In this notebook the following is tested:

- Pandas Series
- Pandas DataFrames
- Adding columns to a dataframe
- Printing the columns
- Load a dataset
- Preview a dataframe
- Make use of info, describe and shape

## Useful information

|    Country    | Population |   Capital  | Area (km^2) | Population Density (/km^2) | Main Religion | GDP (B) | Has Sovereign State? |
|:-------------:|:----------:|:----------:|:-----------:|:--------------------------:|:-------------:|:-------:|:--------------------:|
|    Denmark    |   5724456  | Copenhagen |    43094    |            129.5           |    Lutheran   |  306.7  |          No          |
|    Finland    |   5498211  |  Helsinki  |    338145   |            16.2            |    Lutheran   |  236.8  |          No          |
|    Iceland    |   335878   |  Reykjavík |    103000   |             3.2            |    Lutheran   |   20.0  |          No          |
|     Norway    |   5265158  |    Oslo    |    323802   |            16.1            |    Lutheran   |  370.4  |          No          |
|   Greenland   |    56483   |    Nuuk    |   2166086   |            0.028           |    Lutheran   |   2.22  |          Yes         |
| Faroe Islands |    49188   |  Tórshavn  |     1393    |            35.5            |    Lutheran   |   2.77  |          Yes         |

---

## Exercise 1: Series

In this first exercise the goal is to get used to creating series.

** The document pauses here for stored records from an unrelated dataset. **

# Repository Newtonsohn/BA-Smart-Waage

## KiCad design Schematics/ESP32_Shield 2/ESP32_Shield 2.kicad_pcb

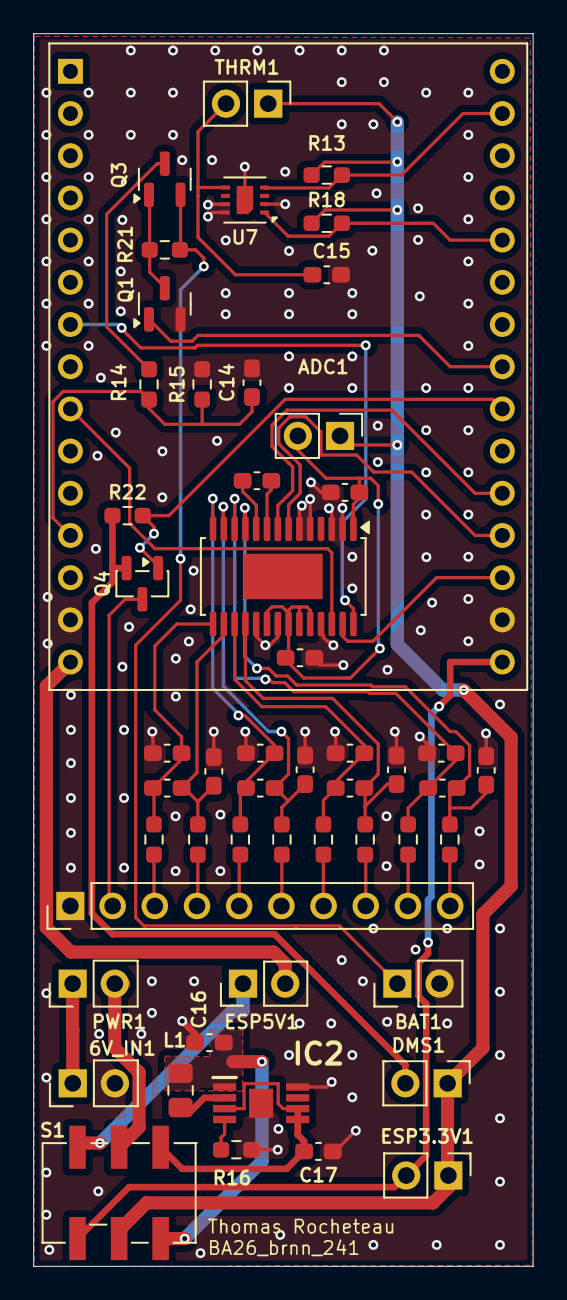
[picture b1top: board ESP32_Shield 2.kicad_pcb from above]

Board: 2 copper layers, 30.1 x 74.2 mm, 52 parts (0 on the bottom side), 46 nets.

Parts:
6V_IN1: Conn_01x02; PinHeader_1x02_P2.54mm_Vertical
ADC1: Conn_01x02; PinHeader_1x02_P2.54mm_Vertical
BAT1: Conn_01x02; PinHeader_1x02_P2.54mm_Vertical
C1, C12, C13, C14, C15: 0.1u; C_0603_1608Metric_Pad1.08x0.95mm_HandSolder
C16: 10u; C_0603_1608Metric_Pad1.08x0.95mm_HandSolder
C17: 4.7u; C_0603_1608Metric_Pad1.08x0.95mm_HandSolder
C18, C21, C24, C27: 1u; C_0603_1608Metric_Pad1.08x0.95mm_HandSolder
C19, C20, C22, C23, C25, C26, C28, C29: 10n; C_0603_1608Metric_Pad1.08x0.95mm_HandSolder
DMS1: Conn_01x02; PinHeader_1x02_P2.54mm_Vertical
ESP3.3V1, ESP5V1: Conn_01x02; PinHeader_1x02_P2.54mm_Vertical
IC2: TPS62842DGRR; SOP65P490X110-9N
J1: Conn_01x10; PinHeader_1x10_P2.54mm_Vertical
L1: 2.2u; C_0805_2012Metric_Pad1.18x1.45mm_HandSolder
PWR1: Conn_01x02; PinHeader_1x02_P2.54mm_Vertical
Q1: Si1308EDL; SOT-23
Q3, Q4: Si2319CDS; SOT-23
R13, R18: 10k; R_0603_1608Metric_Pad0.98x0.95mm_HandSolder
R14, R15, R21, R22: 100k; R_0603_1608Metric_Pad0.98x0.95mm_HandSolder
R16: 52.3k; R_0603_1608Metric_Pad0.98x0.95mm_HandSolder
R17, R19, R20, R23, R24, R25, R26, R27: 100; R_0603_1608Metric_Pad0.98x0.95mm_HandSolder
S1: JS202011SCQN; SW_DPDT_CK_JS202011JCQN
THRM1: Conn_01x02; PinHeader_1x02_P2.54mm_Vertical
U2: ESP32-C3-DevKitM-1
U6: ADS1234IPW; TSSOP-28-1EP_4.4x9.7mm_P0.65mm_EP2.74x4.75mm
U7: SHT30-DIS; Sensirion_DFN-8-1EP_2.5x2.5mm_P0.5mm_EP1.1x1.7mm

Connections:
3v3 BUCK: C16.2, IC2.1 (VOS), L1.1, S1.6
5V BUCK: C17.2, IC2.3 (MODE), IC2.5 (EN), IC2.6 (VIN), S1.3
5V LDO: ESP5V1.1, S1.1
!EN_DMS: Q4.1 (G), R22.1, U2.22 (IO17)
!PWDN: U2.9 (IO26), U6.26 (~PWDN)
+3.3V: ADC1.1, DMS1.1, ESP3.3V1.1, R13.2, R18.2, S1.5, THRM1.1
+5V: PWR1.2, S1.2
+BATT: BAT1.1, Q3.2 (S), R21.2
A0: U2.20 (IO4), U6.8 (A0)
A1: U2.19 (IO2), U6.7 (A1)
D_RDY_OUT: U2.7 (IO32), U6.28 (~DRDY/DOUT)
GND: 6V_IN1.2, BAT1.2, C1.1, C13.1, C14.1, C15.2, C16.1, C17.1, C19.1, C20.1, C22.1, C23.1, C25.1, C26.1, C28.1, C29.1, IC2.8 (GND_1), IC2.9 (GND_2), J1.1, Q1.2 (S), R15.1, R16.2, U2.14 (GND), U2.17 (GND), U6.2 (DGND), U6.3 (CLKIN/XTAL1), U6.5 (DGND), U6.6 (DGND), U6.19 (REFN), U6.21 (AGND), U6.25 (SPEED), U7.2 (ADDR), U7.7 (R), U7.8 (VSS), U7.9 (VSS)
N2: C24.1, C26.2, R25.2, U6.17 (AINN2)
N3: C21.1, C23.2, R23.2, U6.14 (AINN3)
N4: C18.1, C20.2, R17.2, U6.15 (AINN4)
unnamed: 6V_IN1.1, PWR1.1
unnamed: ADC1.2, C1.2, C13.2, U6.1 (DVDD), U6.20 (REFP), U6.22 (AVDD), U6.23 (GAIN0), U6.24 (GAIN1)
unnamed: C12.1, U6.10 (CAP)
unnamed: C12.2, U6.9 (CAP)
unnamed: DMS1.2, Q4.2 (S), R22.2
unnamed: ESP3.3V1.2, S1.4, U2.16 (3V3)
unnamed: ESP5V1.2, U2.15 (5V)
unnamed: IC2.2 (SW), L1.2
unnamed: IC2.4 (VSET), R16.1
unnamed: J1.2, Q4.3 (D)
unnamed: J1.3, R17.1
unnamed: J1.4, R19.1
unnamed: J1.5, R23.1
unnamed: J1.6, R20.1
unnamed: J1.7, R25.1
unnamed: J1.8, R24.1
unnamed: J1.9, R27.1
unnamed: J1.10, R26.1
unnamed: Q1.3 (D), Q3.1 (G), R21.1
unnamed: Q3.3 (D), R14.1
unnamed: C15.1, THRM1.2, U7.5 (VDD)
unnamed: C27.1, C29.2, R27.2, U6.12 (AINN1)
unnamed: C27.2, C28.2, R26.2, U6.11 (AINP1)
P2: C24.2, C25.2, R24.2, U6.18 (AINP2)
P3: C21.2, C22.2, R20.2, U6.13 (AINP3)
P4: C18.2, C19.2, R19.2, U6.16 (AINP4)
SCL: R13.1, U2.29 (IO23), U7.4 (SCL)
SCLK: U2.18 (IO15), U6.27 (SCLK)
SDA: R18.1, U2.26 (IO21), U7.1 (SDA)
bat_adc: C14.2, R14.2, R15.2, U2.12 (IO12)
en_meas: Q1.1 (G), U2.23 (IO5)

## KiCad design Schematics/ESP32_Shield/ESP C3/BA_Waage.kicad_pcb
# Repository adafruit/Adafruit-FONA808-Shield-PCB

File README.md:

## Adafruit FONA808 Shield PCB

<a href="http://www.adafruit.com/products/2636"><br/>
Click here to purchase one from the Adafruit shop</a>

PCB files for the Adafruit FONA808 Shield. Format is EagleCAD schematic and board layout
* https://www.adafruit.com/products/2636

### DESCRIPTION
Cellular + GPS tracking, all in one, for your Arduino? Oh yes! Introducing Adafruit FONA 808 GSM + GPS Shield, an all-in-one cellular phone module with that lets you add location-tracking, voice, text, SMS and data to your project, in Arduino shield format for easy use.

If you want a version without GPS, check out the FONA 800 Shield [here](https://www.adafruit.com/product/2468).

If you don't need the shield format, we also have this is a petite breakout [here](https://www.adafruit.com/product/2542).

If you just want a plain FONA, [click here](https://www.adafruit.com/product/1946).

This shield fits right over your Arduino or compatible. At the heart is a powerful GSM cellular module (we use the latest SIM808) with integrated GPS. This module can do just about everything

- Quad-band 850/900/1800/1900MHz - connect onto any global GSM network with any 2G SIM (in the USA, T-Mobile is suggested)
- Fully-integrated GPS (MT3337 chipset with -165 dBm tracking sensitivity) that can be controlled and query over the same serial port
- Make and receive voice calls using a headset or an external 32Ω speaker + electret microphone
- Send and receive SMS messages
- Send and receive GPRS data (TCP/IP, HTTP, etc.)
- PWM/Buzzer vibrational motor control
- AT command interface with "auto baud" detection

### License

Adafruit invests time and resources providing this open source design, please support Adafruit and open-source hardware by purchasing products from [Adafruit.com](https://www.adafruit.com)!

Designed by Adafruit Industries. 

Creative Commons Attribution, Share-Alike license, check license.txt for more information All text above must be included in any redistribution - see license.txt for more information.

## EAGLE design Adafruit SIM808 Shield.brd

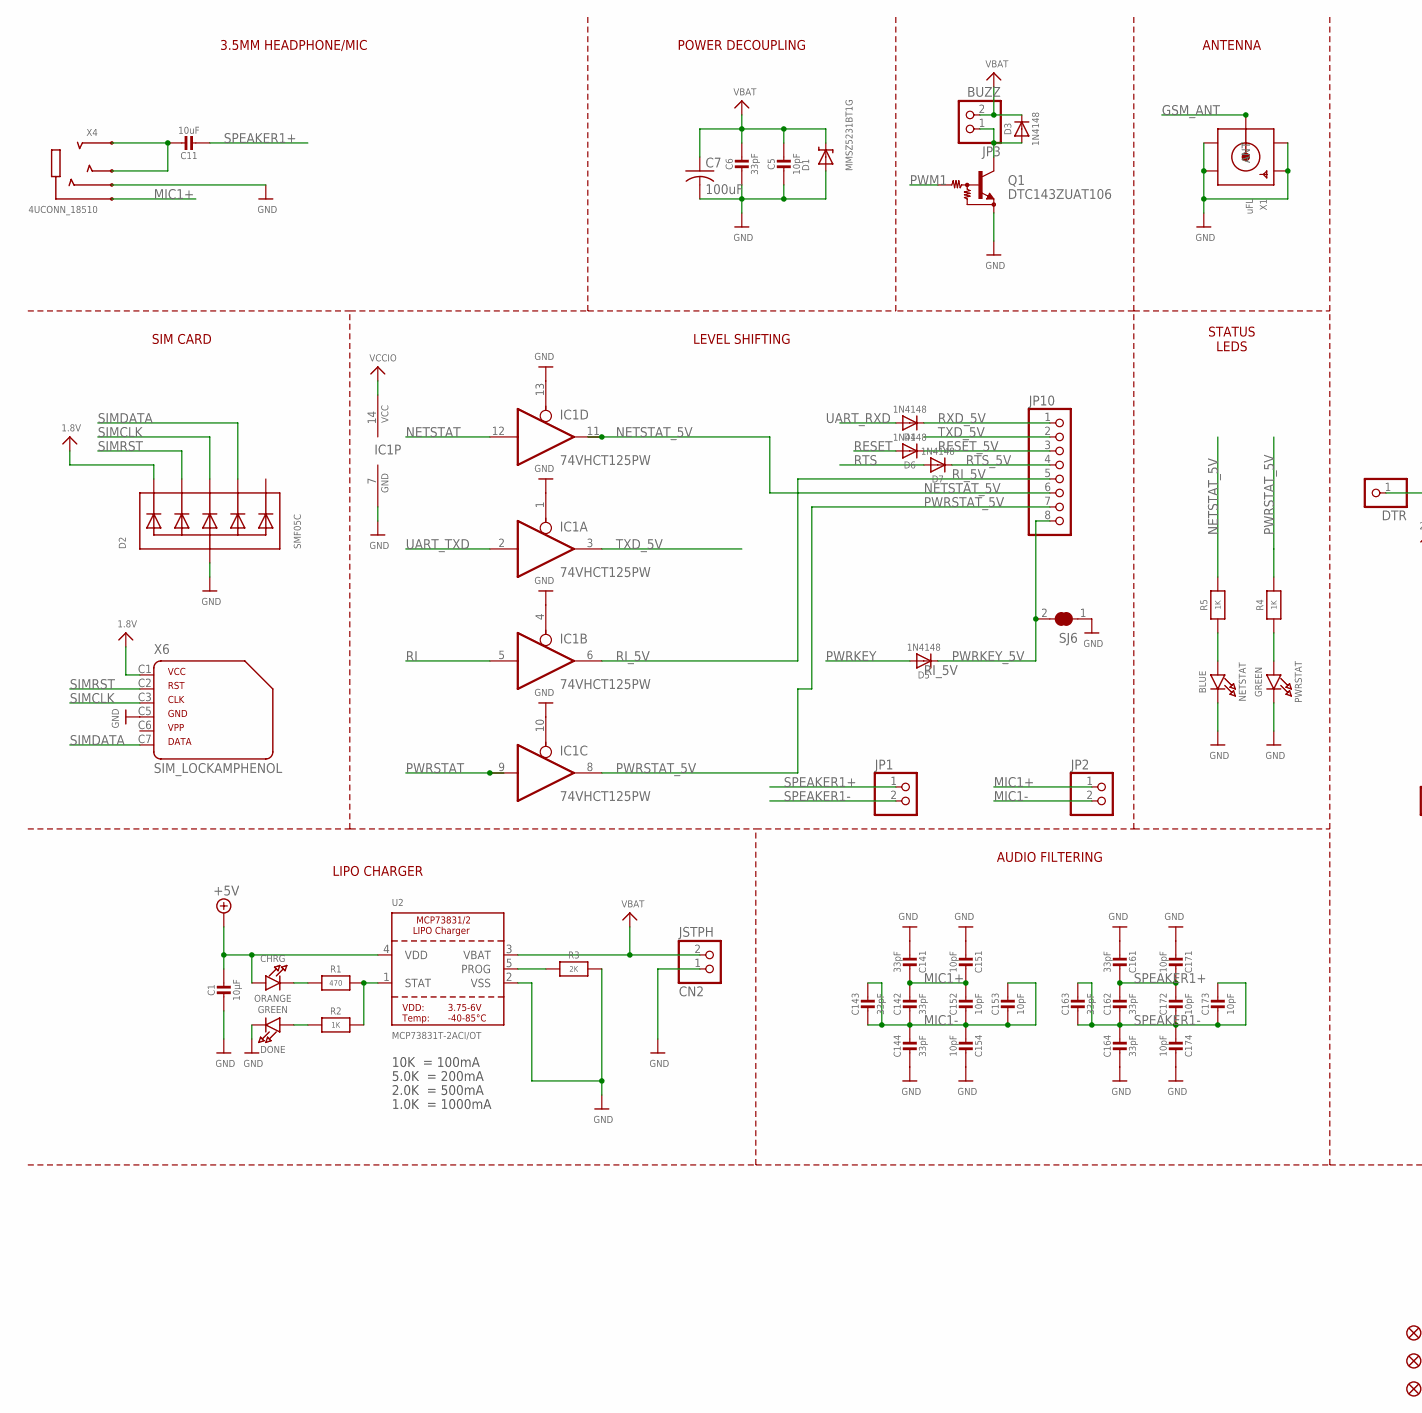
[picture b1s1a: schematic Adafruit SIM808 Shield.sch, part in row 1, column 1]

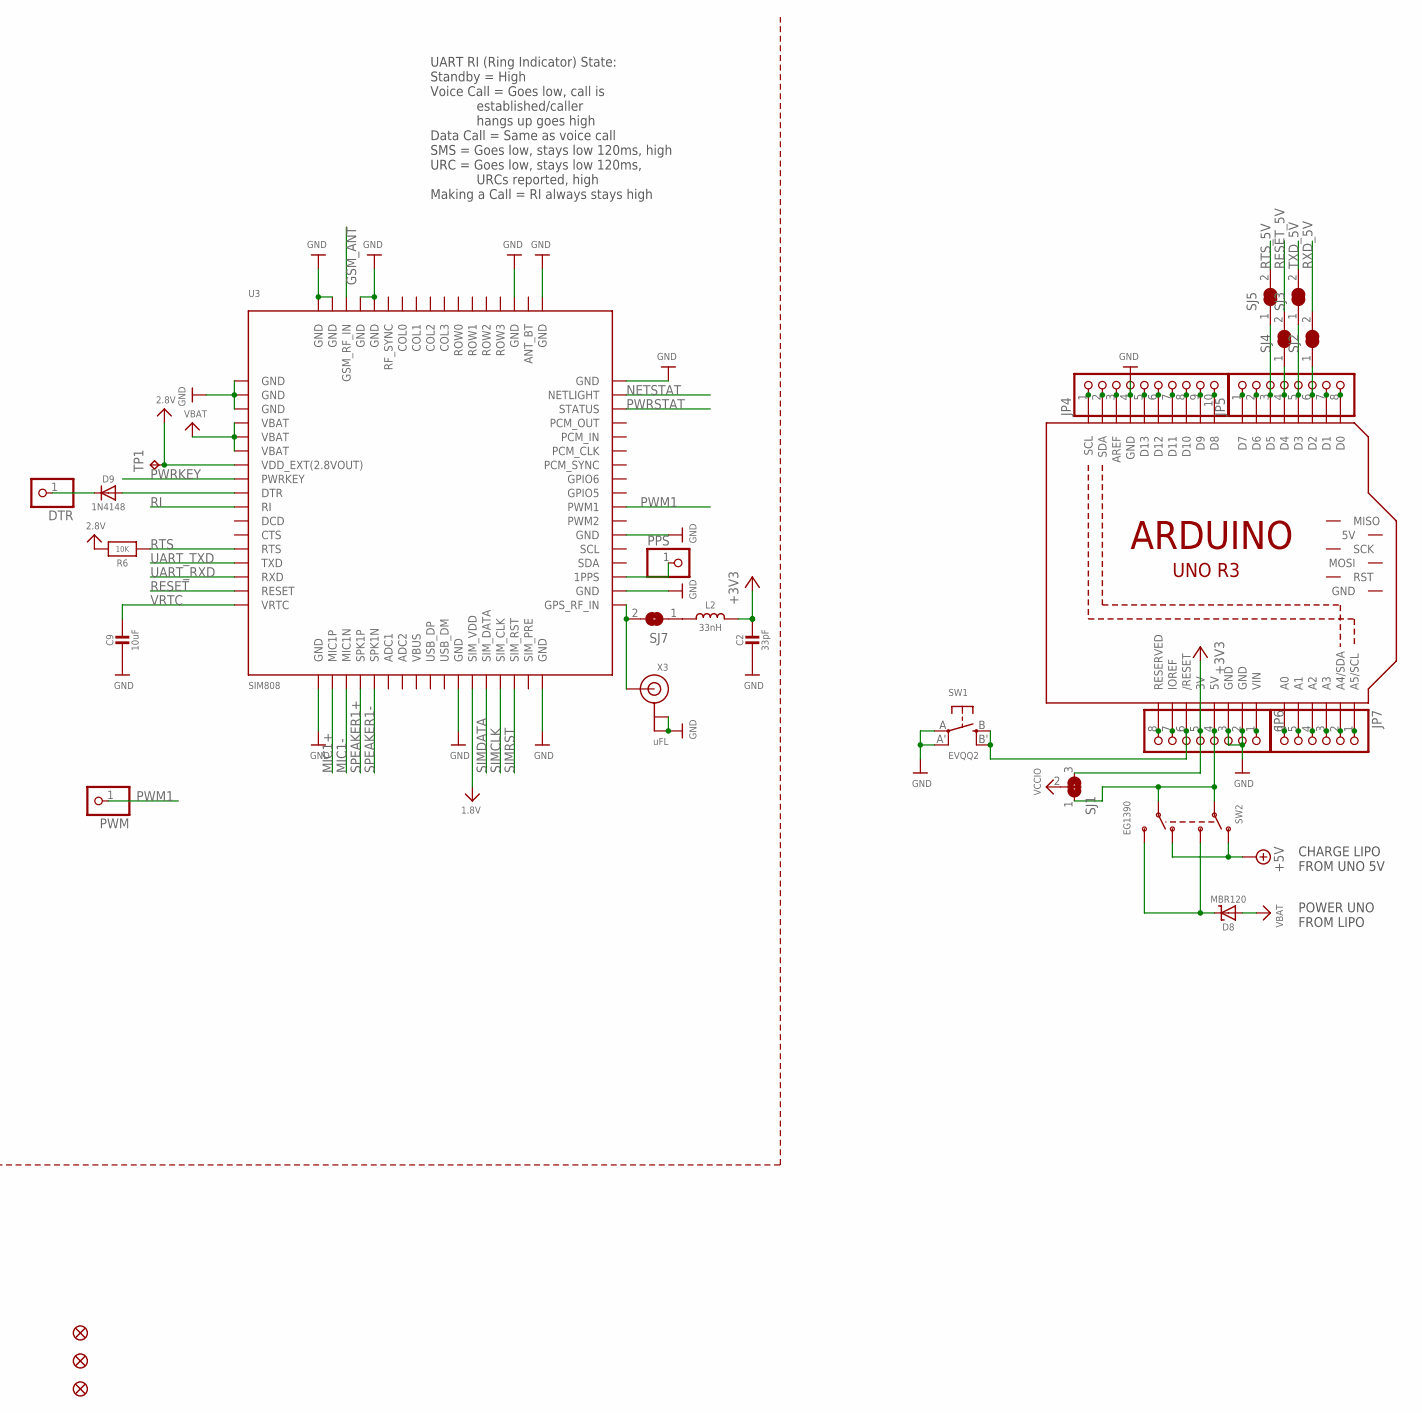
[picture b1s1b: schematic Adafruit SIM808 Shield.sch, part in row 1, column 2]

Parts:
C1: 10µF; 0805-NO
C2, C6: 33pF; 0805-NO
C5: 10pF; 0805-NO
C7: 100uF; C1210
C9, C11: 10uF; 0805-NO
C14, C16: 33pF; RESPACK_4X0603
C15, C17: 10pF; RESPACK_4X0603
CHRG: ORANGE; CHIPLED_0805_NOOUTLINE
CN2: JSTPH; JSTPH2
D1: MMSZ5231BT1G; SOD-123
D2: SMF05C; SOT363
D3, D4, D5, D6, D7, D9: 1N4148; SOD-323
D8: MBR120; SOD-123
DONE: GREEN; CHIPLED_0805_NOOUTLINE
DTR: PINHD-1X1CB; 1X01-CLEANBIG
FID1, FID2, FID3: FIDUCIAL""; FIDUCIAL_1MM
IC1: 74VHCT125PW; TSSOP14
JP1, JP2: HEADER-1X2ROUND; 1X02_ROUND
JP3: BUZZ; 1X02_ROUND
JP4: HEADER-1X1070MIL; 1X10_ROUND70
JP5, JP6: HEADER-1X876MIL; 1X08_ROUND_76
JP7: HEADER-1X676MIL; 1X06_ROUND_76
JP10: HEADER-1X870MIL; 1X08_ROUND_70
L2: 33nH; _0805MP
M1: ARDUINO_R3_ICSP_NODIM; ARDUINOR3_ICSP_NODIM
NETSTAT: BLUE; CHIPLED_0805_NOOUTLINE
PPS: PINHD-1X1CB; 1X01-CLEANBIG
PWM: PINHD-1X1CB; 1X01-CLEANBIG
PWRSTAT: GREEN; CHIPLED_0805_NOOUTLINE
Q1: DTC143ZUAT106; SC59-BEC
R1: 470; 0805-NO
R2, R4, R5: 1K; 0805-NO
R3: 2K; 0805-NO
R6: 10K; 0805-NO
SJ1: SOLDERJUMPER_2WAY; SOLDERJUMPER_2WAY_OPEN_NOPASTE
SJ2, SJ3, SJ4, SJ5, SJ6: SOLDERJUMPER_CLOSED; SOLDERJUMPER_CLOSEDWIRE
SJ7: SOLDERJUMPER; SOLDERJUMPER_ARROW_NOPASTE
SW1: EVQQ2; EVQ-Q2
SW2: EG1390
TP1: TPTP11R; TP11R
U2: MCP73831T-2ACI/OT; SOT23-5
U3: SIM808; SIM900_SMT
X1: uFL; SMA_EDGELAUNCH_UFL
X3: uFL; U.FL
X4: 4UCONN_18510
X6: SIM_LOCKAMPHENOL; C707_10M006_512_2

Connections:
1.8V: D2.1 (C1), U3.P$29 (SIM_VDD), X6.C1 (1)
2.8V: R6.2, TP1.TP, U3.P$7 (VDD_EXT(2.8VOUT))
5V: JP6.4, M1.5V, SJ1.1, SW2.P1, SW2.P2
+3V3: C2.1, JP6.5, L2.2, M1.3V, SJ1.3
+5V: C1.1, CHRG.A, SW2.O1, SW2.O2, U2.4 (VDD)
A0: JP7.6, M1.A0
A1: JP7.5, M1.A1
A2: JP7.4, M1.A2
A3: JP7.3, M1.A3
A4: JP7.2, M1.A4 (A4/SDA)
A5: JP7.1, M1.A5 (A5/SCL)
AREF: JP4.3, M1.AREF
BUZZ-: D3.A, JP3.1, Q1.C
D0: JP5.8, M1.D0
D1: JP5.7, M1.D1
D2: JP5.6, M1.D2, SJ2.1
D3: JP5.5, M1.D3, SJ3.1
D4: JP5.4, M1.D4, SJ4.1
D5: JP5.3, M1.D5, SJ5.1
D6: JP5.2, M1.D6
D7: JP5.1, M1.D7
D8: JP4.10, M1.D8
D9: JP4.9, M1.D9
D10: JP4.8, M1.D10
D11: JP4.7, M1.D11
D12: JP4.6, M1.D12
D13: JP4.5, M1.D13
DTR_5V: D9.C, DTR.1
GND: C1.2, C2.2, C5.2, C6.2, C7.2, C9.2, C14.5 (2), C14.8 (2), C15.4 (1), C15.8 (2), C16.5 (2), C16.8 (2), C17.4 (1), C17.8 (2), CN2.1, D1.A, D2.2 (A), DONE.C, IC1.1 (OE), IC1.4 (OE), IC1.7 (GND), IC1.10 (OE), IC1.13 (OE), JP4.4, JP6.2, JP6.3, M1.GND, M1.GND@1 (GND), M1.GND@3 (GND), NETSTAT.C, PWRSTAT.C, Q1.E, R3.2, SJ6.1, SW1.A, SW1.A' (P1), U2.2 (VSS), U3.P$1 (GND), U3.P$2 (GND), U3.P$3 (GND), U3.P$18 (GND), U3.P$28 (GND), U3.P$34 (GND), U3.P$36 (GND), U3.P$40 (GND), U3.P$51 (GND), U3.P$52 (GND), U3.P$54 (GND), U3.P$64 (GND), U3.P$65 (GND), U3.P$67 (GND), U3.P$68 (GND), X1.GND@1 (GND1), X1.GND@2 (GND2), X1.GND@3 (GND3), X1.GND@4 (GND4), X3.1 (GND), X3.2 (GND), X4.4-INNER_SLEEVE (RING1), X6.C5 (4)
GPS_PPS: PPS.1, U3.P$37 (1PPS)
GSM_ANT: U3.P$66 (GSM_RF_IN), X1.P (ANT)
HP+: C11.1, X4.2-TIP (RING3), X4.3-OUTER_SLEEVE (RING2)
IOREF: JP6.7, M1.IOREF
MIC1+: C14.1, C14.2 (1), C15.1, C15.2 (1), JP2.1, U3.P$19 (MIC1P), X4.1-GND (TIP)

#### 1.1) Create a series for the countries

In [2]:
# Create a series with the countries, using the order provided
# in "Useful Information". Don't forget to delete the raise error

# Create a series for the countries
# countries = ...

# YOUR CODE HERE
countries = pd.Series(["Denmark", "Finland", "Iceland", "Norway", "Greenland", "Faroe Islands"])

In [3]:
assert isinstance(countries, pd.Series), "Should be of type pd.Series"
assert (countries == ["Denmark", "Finland", "Iceland", "Norway", "Greenland", "Faroe Islands"]).all()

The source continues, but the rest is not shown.